Sites and apps like Tumblr, Instagram, and even Facebook have me dreaming in a world I don’t really live in. I dream so big. I like to pretend a lot. I like to create. Movies do this to me, too. They get me thinking in a different, unique way and I get to exercise a new part of my imagination. I just really, really enjoy the escape these things bring from the actual world. Honestly, the internet was SUCH a brilliant idea. Bravo, humans. I just have trouble cutting the cord when I leave to go out and actually live out there. I don’t know how to not dream. I don’t know how to not apply these ideas I get when I am on the computer. I love it. I can be anonymous if I want to be. I can do anything. Ha, ha, ha. As soon as I get too “fictional” in the real world for other people’s taste, I know I’ve gone too far. I have allowed my internet imagination to run wild and to seep into my actual life. Learning how to harness this desire to live the way I think is a whole notha story. I understand why people live for chat rooms and stuff. It’s crazy, but I understand it.

It almost makes me sick to see couples on Facebook having a jolly good time telling each other they are crazy in love in front of everybody. lyk omgz my luv 4 u iz nvrending bby <3 But, y’know, I guess everyone’s different. I’ve learned from personal experience and from others that those who are more focused on actually developing a super personal relationship with somebody rather than for the publicity it brings tend to keep the relationship alive for much longer. Lolz. My older sister has been with her boyfriend for almost 5 years and they are engaged, but neither of them have never felt the need to post about it everywhere. That’s just the thing- Privacy has changed since the internet has been around. I’m even sharing my deep feelings about other people’s deep feelings. Wtheck, Shrek?

It’s so easy to be a Christian on the internet.

It’s also very easy to be a Christian when you’re alone. It’s easy to welcome God’s presence in the quiet times of your day. What is difficult is being a Christian in public- breaking free of the fear and the silly embarrassment that comes with openly sharing your faith. It’s difficult being a Christian right in the midst of a busy day when you are surrounded by many different types of people.
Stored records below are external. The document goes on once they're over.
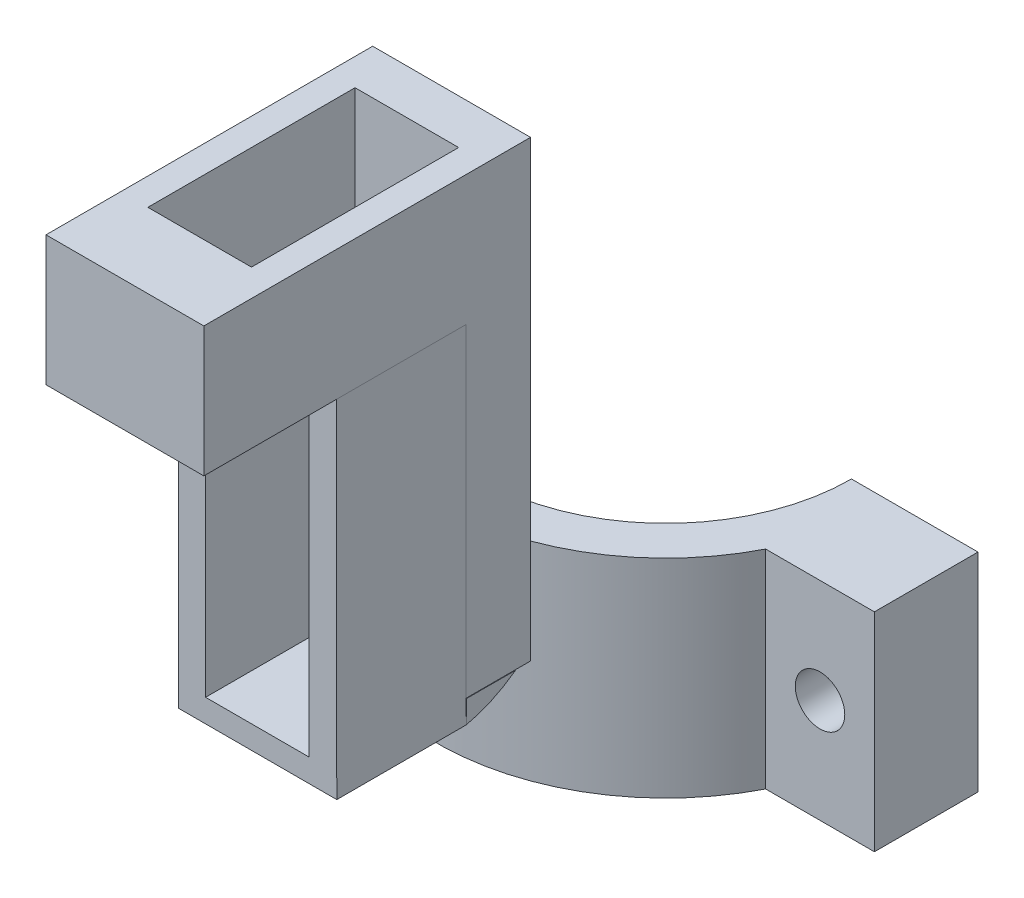
ISO-10303-21;
HEADER;
FILE_DESCRIPTION(('STEP AP214'),'2;1');
FILE_NAME('part.step','',(''),(''),'','','');
FILE_SCHEMA(('AUTOMOTIVE_DESIGN { 1 0 10303 214 1 1 1 1 }'));
ENDSEC;
DATA;
#1=APPLICATION_CONTEXT('core data for automotive mechanical design processes');
#2=APPLICATION_PROTOCOL_DEFINITION('international standard','automotive_design',2000,#1);
#3=PRODUCT_CONTEXT('',#1,'mechanical');
#4=PRODUCT('Part','Part','',(#3));
#5=PRODUCT_RELATED_PRODUCT_CATEGORY('part','',(#4));
#6=PRODUCT_DEFINITION_FORMATION('','',#4);
#7=PRODUCT_DEFINITION_CONTEXT('part definition',#1,'design');
#8=PRODUCT_DEFINITION('design','',#6,#7);
#9=PRODUCT_DEFINITION_SHAPE('','',#8);
#10=(LENGTH_UNIT() NAMED_UNIT(*) SI_UNIT(.MILLI.,.METRE.));
#11=(NAMED_UNIT(*) PLANE_ANGLE_UNIT() SI_UNIT($,.RADIAN.));
#12=(NAMED_UNIT(*) SI_UNIT($,.STERADIAN.) SOLID_ANGLE_UNIT());
#13=UNCERTAINTY_MEASURE_WITH_UNIT(LENGTH_MEASURE(1.E-05),#10,'distance_accuracy_value','');
#14=(GEOMETRIC_REPRESENTATION_CONTEXT(3) GLOBAL_UNCERTAINTY_ASSIGNED_CONTEXT((#13)) GLOBAL_UNIT_ASSIGNED_CONTEXT((#10,
#11,#12)) REPRESENTATION_CONTEXT('',''));
#15=CARTESIAN_POINT('',(0.,0.,0.));
#16=DIRECTION('',(0.,0.,1.));
#17=DIRECTION('',(1.,0.,0.));
#18=AXIS2_PLACEMENT_3D('',#15,#16,#17);
#19=CARTESIAN_POINT('',(-6.095,43.05,21.5429101127945));
#20=DIRECTION('',(0.,0.,-1.));
#21=DIRECTION('',(-1.,0.,0.));
#22=AXIS2_PLACEMENT_3D('',#19,#20,#21);
#23=PLANE('',#22);
#24=DIRECTION('',(-0.00136299028172439,0.999999071128315,0.));
#25=VECTOR('',#24,1.);
#26=CARTESIAN_POINT('',(6.095,33.02,21.5429101127945));
#27=LINE('',#26,#25);
#28=CARTESIAN_POINT('',(6.13145783911052,6.27160293898606,21.5429101127945));
#29=VERTEX_POINT('',#28);
#30=CARTESIAN_POINT('',(6.12906797373648,8.025,21.5429101127945));
#31=VERTEX_POINT('',#30);
#32=EDGE_CURVE('E244',#29,#31,#27,.T.);
#33=ORIENTED_EDGE('',*,*,#32,.F.);
#34=DIRECTION('',(0.,-1.,0.));
#35=VECTOR('',#34,1.);
#36=CARTESIAN_POINT('',(6.13145783911052,6.025,21.5429101127945));
#37=LINE('',#36,#35);
#38=CARTESIAN_POINT('',(6.13145783911052,8.025,21.5429101127945));
#39=VERTEX_POINT('',#38);
#40=EDGE_CURVE('E269',#39,#29,#37,.T.);
#41=ORIENTED_EDGE('',*,*,#40,.F.);
#42=DIRECTION('',(1.,0.,0.));
#43=VECTOR('',#42,1.);
#44=CARTESIAN_POINT('',(0.,8.025,21.5429101127945));
#45=LINE('',#44,#43);
#46=EDGE_CURVE('E272',#31,#39,#45,.T.);
#47=ORIENTED_EDGE('',*,*,#46,.F.);
#48=EDGE_LOOP('',(#33,#41,#47));
#49=FACE_BOUND('',#48,.T.);
#50=ADVANCED_FACE('F41',(#49),#23,.F.);
#51=CARTESIAN_POINT('',(-6.095,33.02,41.7729101127945));
#52=DIRECTION('',(0.,1.,0.));
#53=DIRECTION('',(0.,0.,1.));
#54=AXIS2_PLACEMENT_3D('',#51,#52,#53);
#55=PLANE('',#54);
#56=DIRECTION('',(0.,0.,1.));
#57=VECTOR('',#56,1.);
#58=CARTESIAN_POINT('',(4.,33.02,19.7700000000001));
#59=LINE('',#58,#57);
#60=CARTESIAN_POINT('',(4.,33.02,20.0000000000001));
#61=VERTEX_POINT('',#60);
#62=CARTESIAN_POINT('',(4.,33.02,31.5429101127945));
#63=VERTEX_POINT('',#62);
#64=EDGE_CURVE('E56',#61,#63,#59,.T.);
#65=ORIENTED_EDGE('',*,*,#64,.T.);
#66=DIRECTION('',(-1.,0.,0.));
#67=VECTOR('',#66,1.);
#68=CARTESIAN_POINT('',(4.,33.02,31.5429101127945));
#69=LINE('',#68,#67);
#70=CARTESIAN_POINT('',(6.095,33.02,31.5429101127945));
#71=VERTEX_POINT('',#70);
#72=EDGE_CURVE('E578',#71,#63,#69,.T.);
#73=ORIENTED_EDGE('',*,*,#72,.F.);
#74=DIRECTION('',(0.,0.,-1.));
#75=VECTOR('',#74,1.);
#76=CARTESIAN_POINT('',(6.095,33.02,41.7729101127945));
#77=LINE('',#76,#75);
#78=CARTESIAN_POINT('',(6.095,33.02,41.7729101127945));
#79=VERTEX_POINT('',#78);
#80=EDGE_CURVE('E318',#79,#71,#77,.T.);
#81=ORIENTED_EDGE('',*,*,#80,.F.);
#82=DIRECTION('',(1.,0.,0.));
#83=VECTOR('',#82,1.);
#84=CARTESIAN_POINT('',(-6.095,33.02,41.7729101127945));
#85=LINE('',#84,#83);
#86=CARTESIAN_POINT('',(-6.095,33.02,41.7729101127945));
#87=VERTEX_POINT('',#86);
#88=EDGE_CURVE('E310',#87,#79,#85,.T.);
#89=ORIENTED_EDGE('',*,*,#88,.F.);
#90=DIRECTION('',(0.,0.,-1.));
#91=VECTOR('',#90,1.);
#92=CARTESIAN_POINT('',(-6.095,33.02,41.7729101127945));
#93=LINE('',#92,#91);
#94=CARTESIAN_POINT('',(-6.095,33.02,31.5429101127945));
#95=VERTEX_POINT('',#94);
#96=EDGE_CURVE('E321',#87,#95,#93,.T.);
#97=ORIENTED_EDGE('',*,*,#96,.T.);
#98=DIRECTION('',(-1.,0.,0.));
#99=VECTOR('',#98,1.);
#100=CARTESIAN_POINT('',(-6.095,33.02,31.5429101127945));
#101=LINE('',#100,#99);
#102=CARTESIAN_POINT('',(-4.,33.02,31.5429101127945));
#103=VERTEX_POINT('',#102);
#104=EDGE_CURVE('E241',#103,#95,#101,.T.);
#105=ORIENTED_EDGE('',*,*,#104,.F.);
#106=DIRECTION('',(0.,0.,1.));
#107=VECTOR('',#106,1.);
#108=CARTESIAN_POINT('',(-4.,33.02,20.0000000000001));
#109=LINE('',#108,#107);
#110=CARTESIAN_POINT('',(-4.,33.02,20.0000000000001));
#111=VERTEX_POINT('',#110);
#112=EDGE_CURVE('E12',#111,#103,#109,.T.);
#113=ORIENTED_EDGE('',*,*,#112,.F.);
#114=DIRECTION('',(-1.,0.,0.));
#115=VECTOR('',#114,1.);
#116=CARTESIAN_POINT('',(-4.,33.02,20.0000000000001));
#117=LINE('',#116,#115);
#118=EDGE_CURVE('E265',#61,#111,#117,.T.);
#119=ORIENTED_EDGE('',*,*,#118,.F.);
#120=EDGE_LOOP('',(#65,#73,#81,#89,#97,#105,#113,#119));
#121=FACE_BOUND('',#120,.T.);
#122=ADVANCED_FACE('F472',(#121),#55,.F.);
#123=CARTESIAN_POINT('',(-4.,61.28,36.0000000000001));
#124=DIRECTION('',(0.,0.,-1.));
#125=DIRECTION('',(-1.,0.,0.));
#126=AXIS2_PLACEMENT_3D('',#123,#124,#125);
#127=PLANE('',#126);
#128=DIRECTION('',(0.,-1.,0.));
#129=VECTOR('',#128,1.);
#130=CARTESIAN_POINT('',(4.,61.28,36.0000000000001));
#131=LINE('',#130,#129);
#132=CARTESIAN_POINT('',(4.,43.05,36.0000000000001));
#133=VERTEX_POINT('',#132);
#134=CARTESIAN_POINT('',(4.,35.05,36.0000000000001));
#135=VERTEX_POINT('',#134);
#136=EDGE_CURVE('E284',#133,#135,#131,.T.);
#137=ORIENTED_EDGE('',*,*,#136,.T.);
#138=DIRECTION('',(1.,0.,0.));
#139=VECTOR('',#138,1.);
#140=CARTESIAN_POINT('',(4.,35.05,36.0000000000001));
#141=LINE('',#140,#139);
#142=CARTESIAN_POINT('',(-4.,35.05,36.0000000000001));
#143=VERTEX_POINT('',#142);
#144=EDGE_CURVE('E251',#143,#135,#141,.T.);
#145=ORIENTED_EDGE('',*,*,#144,.F.);
#146=DIRECTION('',(0.,-1.,0.));
#147=VECTOR('',#146,1.);
#148=CARTESIAN_POINT('',(-4.,61.28,36.0000000000001));
#149=LINE('',#148,#147);
#150=CARTESIAN_POINT('',(-4.,43.05,36.0000000000001));
#151=VERTEX_POINT('',#150);
#152=EDGE_CURVE('E287',#151,#143,#149,.T.);
#153=ORIENTED_EDGE('',*,*,#152,.F.);
#154=DIRECTION('',(-1.,0.,0.));
#155=VECTOR('',#154,1.);
#156=CARTESIAN_POINT('',(0.,43.05,36.0000000000001));
#157=LINE('',#156,#155);
#158=EDGE_CURVE('E298',#133,#151,#157,.T.);
#159=ORIENTED_EDGE('',*,*,#158,.F.);
#160=EDGE_LOOP('',(#137,#145,#153,#159));
#161=FACE_BOUND('',#160,.T.);
#162=ADVANCED_FACE('F453',(#161),#127,.T.);
#163=CARTESIAN_POINT('',(4.,61.28,20.0000000000001));
#164=DIRECTION('',(-1.,0.,0.));
#165=DIRECTION('',(0.,0.,1.));
#166=AXIS2_PLACEMENT_3D('',#163,#164,#165);
#167=PLANE('',#166);
#168=DIRECTION('',(0.,0.,-1.));
#169=VECTOR('',#168,1.);
#170=CARTESIAN_POINT('',(4.,8.05,20.0000000000001));
#171=LINE('',#170,#169);
#172=CARTESIAN_POINT('',(4.,8.05,31.5429101127945));
#173=VERTEX_POINT('',#172);
#174=CARTESIAN_POINT('',(4.,8.05,20.0000000000001));
#175=VERTEX_POINT('',#174);
#176=EDGE_CURVE('E276',#173,#175,#171,.T.);
#177=ORIENTED_EDGE('',*,*,#176,.F.);
#178=DIRECTION('',(0.,-1.,0.));
#179=VECTOR('',#178,1.);
#180=CARTESIAN_POINT('',(4.,8.05,31.5429101127945));
#181=LINE('',#180,#179);
#182=EDGE_CURVE('E580',#63,#173,#181,.T.);
#183=ORIENTED_EDGE('',*,*,#182,.F.);
#184=ORIENTED_EDGE('',*,*,#64,.F.);
#185=DIRECTION('',(0.,-1.,0.));
#186=VECTOR('',#185,1.);
#187=CARTESIAN_POINT('',(4.,61.28,20.0000000000001));
#188=LINE('',#187,#186);
#189=EDGE_CURVE('E294',#61,#175,#188,.T.);
#190=ORIENTED_EDGE('',*,*,#189,.T.);
#191=EDGE_LOOP('',(#177,#183,#184,#190));
#192=FACE_BOUND('',#191,.T.);
#193=ADVANCED_FACE('F666',(#192),#167,.T.);
#194=CARTESIAN_POINT('',(4.,43.05,20.0000000000001));
#195=VERTEX_POINT('',#194);
#196=CARTESIAN_POINT('',(4.,35.05,20.0000000000001));
#197=VERTEX_POINT('',#196);
#198=EDGE_CURVE('E295',#195,#197,#188,.T.);
#199=ORIENTED_EDGE('',*,*,#198,.T.);
#200=DIRECTION('',(0.,0.,1.));
#201=VECTOR('',#200,1.);
#202=CARTESIAN_POINT('',(4.,35.05,19.7700000000001));
#203=LINE('',#202,#201);
#204=EDGE_CURVE('E253',#197,#135,#203,.T.);
#205=ORIENTED_EDGE('',*,*,#204,.T.);
#206=ORIENTED_EDGE('',*,*,#136,.F.);
#207=DIRECTION('',(0.,0.,1.));
#208=VECTOR('',#207,1.);
#209=CARTESIAN_POINT('',(4.,43.05,0.));
#210=LINE('',#209,#208);
#211=EDGE_CURVE('E304',#195,#133,#210,.T.);
#212=ORIENTED_EDGE('',*,*,#211,.F.);
#213=EDGE_LOOP('',(#199,#205,#206,#212));
#214=FACE_BOUND('',#213,.T.);
#215=ADVANCED_FACE('F455',(#214),#167,.T.);
#216=CARTESIAN_POINT('',(-4.,61.28,20.0000000000001));
#217=DIRECTION('',(0.,0.,1.));
#218=DIRECTION('',(1.,0.,0.));
#219=AXIS2_PLACEMENT_3D('',#216,#217,#218);
#220=PLANE('',#219);
#221=ORIENTED_EDGE('',*,*,#189,.F.);
#222=ORIENTED_EDGE('',*,*,#118,.T.);
#223=DIRECTION('',(0.,-1.,0.));
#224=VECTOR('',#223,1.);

It’s really, really hard. Why?! Why is it that when we have accepted Jesus Christ as our Savior we stay silent about it?! Why do we only share it once in a while when we are in a comfortable place? Why do we convince ourselves it’s okay to back off and avoid dangerous situations that challenge us and our beliefs? How can we expect God to help us grow when we can’t even speak of His name, let alone attest to the amazing things He’s doing in our lives once in a while?

Yes, I have been silent in public when there has been a revolutionary change going on in my heart. I have also met people that want to say I’m “doing too much” when something epic happens inside me and I can’t help but shout it out everywhere I go. Sure, it might look like I’m doing too much. Maybe nobody else is doing enough… At every stage of your life, if you are a Christian, stop being ashamed of what you hear at church. Stop being ashamed of how you have chosen to live. You made a verbal choice, now live by it.

We sit and listen to everyone else in the world talk about their sex, drugs, alcohol, and selfish behavior yet we shut right up when it’s our turn. People will listen to a whole bunch of crap before even questioning if it’s wrong. Most go on living like none of what they do is a big deal. Well, here I am. I am a Christian that will no longer sit in the background in grimy conversations. Everyone can have their turn to speak, but when it’s my turn, I will be asking the questions. There’s no question about it- If there is room for useless chatter about all of the illegal and sickly things we as humans do, there must be a place somewhere for questioning whether or not it’s wrong. Where there is right, there is wrong. Where there is night, there is day. Where there is light, there is dark. The end. I am completely convicted and encouraged today.